Tau proteins are proteins that perform the function of stabilizing microtubules. These proteins are abundant in nerve cells and are present to a much lesser degree in oligodendrocytes and astrocytes.
Tau proteins are mainly active in the distal portions of axons where they stabilize microtubules as well as providing flexibility.
The proteins work together with a globular protein called tubulin to stabilize microtubules and aid the assembly of tubulin in the mircrotubules.
Tau proteins achieve their control of microtubule stability through isoforms and phosphorylation.
Tau proteins exist as six different isoforms in brain tissue. These can be distinguished from each other based on their binding domains.
Three of the tau protein isoforms have three binding domains, while three of the proteins have four of these domains. The binding domains are found in the carboxy-terminus in the protein.
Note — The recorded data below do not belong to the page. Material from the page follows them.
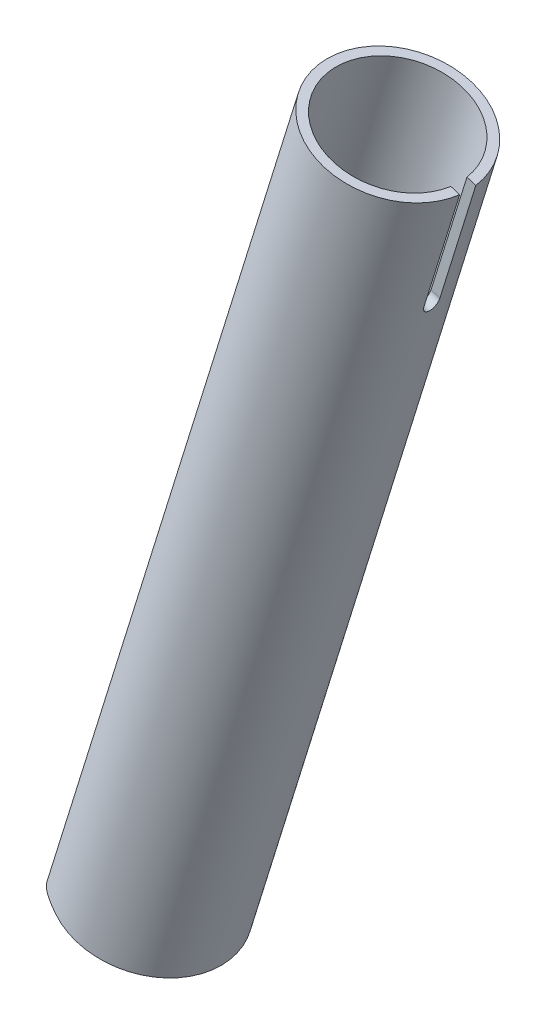
ISO-10303-21;
HEADER;
FILE_DESCRIPTION(('STEP AP214'),'2;1');
FILE_NAME('part.step','',(''),(''),'','','');
FILE_SCHEMA(('AUTOMOTIVE_DESIGN { 1 0 10303 214 1 1 1 1 }'));
ENDSEC;
DATA;
#1=APPLICATION_CONTEXT('core data for automotive mechanical design processes');
#2=APPLICATION_PROTOCOL_DEFINITION('international standard','automotive_design',2000,#1);
#3=PRODUCT_CONTEXT('',#1,'mechanical');
#4=PRODUCT('Part','Part','',(#3));
#5=PRODUCT_RELATED_PRODUCT_CATEGORY('part','',(#4));
#6=PRODUCT_DEFINITION_FORMATION('','',#4);
#7=PRODUCT_DEFINITION_CONTEXT('part definition',#1,'design');
#8=PRODUCT_DEFINITION('design','',#6,#7);
#9=PRODUCT_DEFINITION_SHAPE('','',#8);
#10=(LENGTH_UNIT() NAMED_UNIT(*) SI_UNIT(.MILLI.,.METRE.));
#11=(NAMED_UNIT(*) PLANE_ANGLE_UNIT() SI_UNIT($,.RADIAN.));
#12=(NAMED_UNIT(*) SI_UNIT($,.STERADIAN.) SOLID_ANGLE_UNIT());
#13=UNCERTAINTY_MEASURE_WITH_UNIT(LENGTH_MEASURE(1.E-05),#10,'distance_accuracy_value','');
#14=(GEOMETRIC_REPRESENTATION_CONTEXT(3) GLOBAL_UNCERTAINTY_ASSIGNED_CONTEXT((#13)) GLOBAL_UNIT_ASSIGNED_CONTEXT((#10,
#11,#12)) REPRESENTATION_CONTEXT('',''));
#15=CARTESIAN_POINT('',(0.,0.,0.));
#16=DIRECTION('',(0.,0.,1.));
#17=DIRECTION('',(1.,0.,0.));
#18=AXIS2_PLACEMENT_3D('',#15,#16,#17);
#19=CARTESIAN_POINT('',(71.753350031558,230.850995331577,0.));
#20=DIRECTION('',(0.296814001361883,0.9549353112099,0.));
#21=DIRECTION('',(-0.9549353112099,0.296814001361883,0.));
#22=AXIS2_PLACEMENT_3D('',#19,#20,#21);
#23=CYLINDRICAL_SURFACE('',#22,16.);
#24=CARTESIAN_POINT('',(89.1024615678621,306.882715939735,-14.8323969741913));
#25=CARTESIAN_POINT('',(88.9636789143046,306.925853625691,-14.7736102770657));
#26=CARTESIAN_POINT('',(88.8248106555613,306.965697551553,-14.7126935656479));
#27=CARTESIAN_POINT('',(88.5472654781601,307.038943486681,-14.586759021269));
#28=CARTESIAN_POINT('',(88.4085885291525,307.0723466728,-14.5217419404138));
#29=CARTESIAN_POINT('',(87.9938110120856,307.163026168156,-14.3209864843538));
#30=CARTESIAN_POINT('',(87.7184611401856,307.210926750773,-14.1793309230726));
#31=CARTESIAN_POINT('',(87.1752732700831,307.282773014785,-13.8833327226576));
#32=CARTESIAN_POINT('',(86.9073873822273,307.306957039612,-13.729133543188));
#33=CARTESIAN_POINT('',(86.3779800650861,307.333908688674,-13.4082293127839));
#34=CARTESIAN_POINT('',(86.116461880451,307.336665613374,-13.2415180559385));
#35=CARTESIAN_POINT('',(85.5373138379756,307.320708899526,-12.8542772904973));
#36=CARTESIAN_POINT('',(85.2218916095013,307.296488947746,-12.6306695450833));
#37=CARTESIAN_POINT('',(84.6053720536828,307.220669106254,-12.1689339396761));
#38=CARTESIAN_POINT('',(84.3042767604437,307.169065341215,-11.9308040287452));
#39=CARTESIAN_POINT('',(83.7163306616415,307.041308758366,-11.441248800487));
#40=CARTESIAN_POINT('',(83.4295479929272,306.965049448999,-11.1897698378056));
#41=CARTESIAN_POINT('',(82.8723467146832,306.790885554024,-10.6764756791457));
#42=CARTESIAN_POINT('',(82.6019293065508,306.692979381738,-10.4146597266395));
#43=CARTESIAN_POINT('',(81.9745066955571,306.435664466389,-9.77746944986866));
#44=CARTESIAN_POINT('',(81.6253528216682,306.267220839098,-9.39798788600657));
#45=CARTESIAN_POINT('',(80.95969075539,305.898873380647,-8.62586596573185));
#46=CARTESIAN_POINT('',(80.643195249092,305.698957399693,-8.23322057373231));
#47=CARTESIAN_POINT('',(80.0425697501543,305.272274832941,-7.43754751903833));
#48=CARTESIAN_POINT('',(79.7584595370888,305.045492008597,-7.03451369380498));
#49=CARTESIAN_POINT('',(79.2225479863687,304.569101071878,-6.22072089942956));
#50=CARTESIAN_POINT('',(78.9707427369578,304.319495729327,-5.80996287251813));
#51=CARTESIAN_POINT('',(78.4840201123546,303.784099080961,-4.95617797917473));
#52=CARTESIAN_POINT('',(78.2512063358746,303.497015008781,-4.51276481761032));
#53=CARTESIAN_POINT('',(77.8214597607559,302.903862879695,-3.62118824914521));
#54=CARTESIAN_POINT('',(77.6245336983808,302.597791273177,-3.17302396711186));
#55=CARTESIAN_POINT('',(77.2669543135226,301.970170731178,-2.27465354285216));
#56=CARTESIAN_POINT('',(77.1062273571681,301.648654858773,-1.82445348104745));
#57=CARTESIAN_POINT('',(76.8208035908239,300.992107629926,-0.92274025697174));
#58=CARTESIAN_POINT('',(76.6960892877962,300.657082925796,-0.471227840196273));
#59=CARTESIAN_POINT('',(76.5880768887487,300.311489773514,-0.0132303433696181));
#60=CARTESIAN_POINT('',(76.5865207037954,300.306496904307,-0.00661515629981239));
#61=CARTESIAN_POINT('',(76.5849684421444,300.301502841254,0.));
#62=B_SPLINE_CURVE_WITH_KNOTS('',3,(#24,#25,#26,#27,#28,#29,#30,#31,#32,#33,#34,#35,#36,#37,#38,
#39,#40,#41,#42,#43,#44,#45,#46,#47,#48,#49,#50,#51,#52,#53,#54,#55,#56,#57,#58,#59,#60,#61),
.UNSPECIFIED.,.F.,.F.,(4,2,2,2,2,2,2,2,2,2,2,2,2,2,2,2,2,2,4),(0.,0.47020829482799,
0.940330591632603,1.87888043703225,2.80789844663228,3.73738032781409,4.89786417340659,
6.05851229317381,7.22424196576735,8.39005711270434,10.0150965334015,11.6407648404096,
13.2674207766438,14.8938795574271,16.624146027115,18.3547369407864,20.0817751493295,
21.8079730376149,21.8332712618901),.UNSPECIFIED.);
#63=CARTESIAN_POINT('',(76.5849684421442,300.301502841254,0.));
#64=VERTEX_POINT('',#63);
#65=CARTESIAN_POINT('',(89.1024615678621,306.882715939734,-14.8323969741913));
#66=VERTEX_POINT('',#65);
#67=EDGE_CURVE('E132',#64,#66,#62,.F.);
#68=ORIENTED_EDGE('',*,*,#67,.F.);
#69=CARTESIAN_POINT('',(89.1024615678621,306.882715939735,14.8323969741913));
#70=CARTESIAN_POINT('',(88.9636789143047,306.925853625691,14.7736102770657));
#71=CARTESIAN_POINT('',(88.8248106555614,306.965697551553,14.712693565648));
#72=CARTESIAN_POINT('',(88.5472654781602,307.038943486681,14.5867590212691));
#73=CARTESIAN_POINT('',(88.4085885291527,307.0723466728,14.5217419404139));
#74=CARTESIAN_POINT('',(87.9938110120859,307.163026168156,14.320986484354));
#75=CARTESIAN_POINT('',(87.718461140186,307.210926750773,14.1793309230728));
#76=CARTESIAN_POINT('',(87.1752732700835,307.282773014785,13.8833327226578));
#77=CARTESIAN_POINT('',(86.9073873822275,307.306957039612,13.7291335431881));
#78=CARTESIAN_POINT('',(86.3779800650862,307.333908688674,13.408229312784));
#79=CARTESIAN_POINT('',(86.1164618804511,307.336665613374,13.2415180559385));
#80=CARTESIAN_POINT('',(85.5373138379755,307.320708899526,12.8542772904973));
#81=CARTESIAN_POINT('',(85.2218916095012,307.296488947746,12.6306695450832));
#82=CARTESIAN_POINT('',(84.6053720536826,307.220669106254,12.1689339396759));
#83=CARTESIAN_POINT('',(84.3042767604434,307.169065341215,11.930804028745));
#84=CARTESIAN_POINT('',(83.7163306616413,307.041308758366,11.4412488004868));
#85=CARTESIAN_POINT('',(83.429547992927,306.965049448999,11.1897698378054));
#86=CARTESIAN_POINT('',(82.8723467146831,306.790885554024,10.6764756791456));
#87=CARTESIAN_POINT('',(82.6019293065507,306.692979381738,10.4146597266395));
#88=CARTESIAN_POINT('',(81.9745066955572,306.43566446639,9.77746944986874));
#89=CARTESIAN_POINT('',(81.6253528216684,306.267220839098,9.39798788600675));
#90=CARTESIAN_POINT('',(80.9596907553903,305.898873380648,8.62586596573219));
#91=CARTESIAN_POINT('',(80.6431952490923,305.698957399693,8.23322057373272));
#92=CARTESIAN_POINT('',(80.0425697501547,305.272274832941,7.43754751903876));
#93=CARTESIAN_POINT('',(79.758459537089,305.045492008597,7.03451369380535));
#94=CARTESIAN_POINT('',(79.2225479863688,304.569101071879,6.2207208994297));
#95=CARTESIAN_POINT('',(78.9707427369579,304.319495729327,5.80996287251808));
#96=CARTESIAN_POINT('',(78.4840201123545,303.784099080961,4.95617797917488));
#97=CARTESIAN_POINT('',(78.2512063358743,303.497015008781,4.51276481761089));
#98=CARTESIAN_POINT('',(77.8214597607561,302.903862879696,3.62118824914459));
#99=CARTESIAN_POINT('',(77.6245336983816,302.597791273179,3.17302396710965));
#100=CARTESIAN_POINT('',(77.2669543135218,301.970170731176,2.27465354285411));
#101=CARTESIAN_POINT('',(77.1062273571651,301.648654858763,1.82445348105515));
#102=CARTESIAN_POINT('',(76.8208035908268,300.992107629936,0.922740256963934));
#103=CARTESIAN_POINT('',(76.6960892878072,300.657082925831,0.471227840167233));
#104=CARTESIAN_POINT('',(76.5880768887491,300.311489773515,0.013230343368807));
#105=CARTESIAN_POINT('',(76.5865207037955,300.306496904308,0.00661515629940148));
#106=CARTESIAN_POINT('',(76.5849684421444,300.301502841254,0.));
#107=B_SPLINE_CURVE_WITH_KNOTS('',3,(#69,#70,#71,#72,#73,#74,#75,#76,#77,#78,#79,#80,#81,#82,
#83,#84,#85,#86,#87,#88,#89,#90,#91,#92,#93,#94,#95,#96,#97,#98,#99,#100,#101,#102,#103,#104,
#105,#106),.UNSPECIFIED.,.F.,.F.,(4,2,2,2,2,2,2,2,2,2,2,2,2,2,2,2,2,2,4),(0.,0.470208294827854,
0.940330591632331,1.87888043703174,2.80789844663203,3.73738032781409,4.89786417340678,
6.05851229317418,7.22424196576758,8.39005711270433,10.0150965334011,11.6407648404089,
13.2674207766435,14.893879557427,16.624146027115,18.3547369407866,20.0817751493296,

They are all positively-charged so they can bind to microtubules which have negative charge.
The tau proteins that have four binding domains are superior at stabilizing microtubules compared with the proteins that only have three binding domains.
The tau protein isoforms are produced through alternative splicing of a single gene called MAPT (microtubule-associated protein tau).
Phosphorylation of tau protein is mediated by several types of protein kinases such as the serine/threonine kinase PKN. Activated PKN phosphorylates tau, which disrupts the organization of microtubules.
Hyperphosphorylation of tau proteins can cause the helical and straight filaments to tangle (referred to as neurofibrillary tangles). These tangles contribute to the pathology of Alzheimer’s disease.
When a brain affected by Alzheimer’s disease is examined, all six isoforms of tau are often found hyperphosphorylated in paired helical filaments.
Deposits of abnormal aggregates enriched with tau isoforms have also been reported in some other neurodegenerative diseases.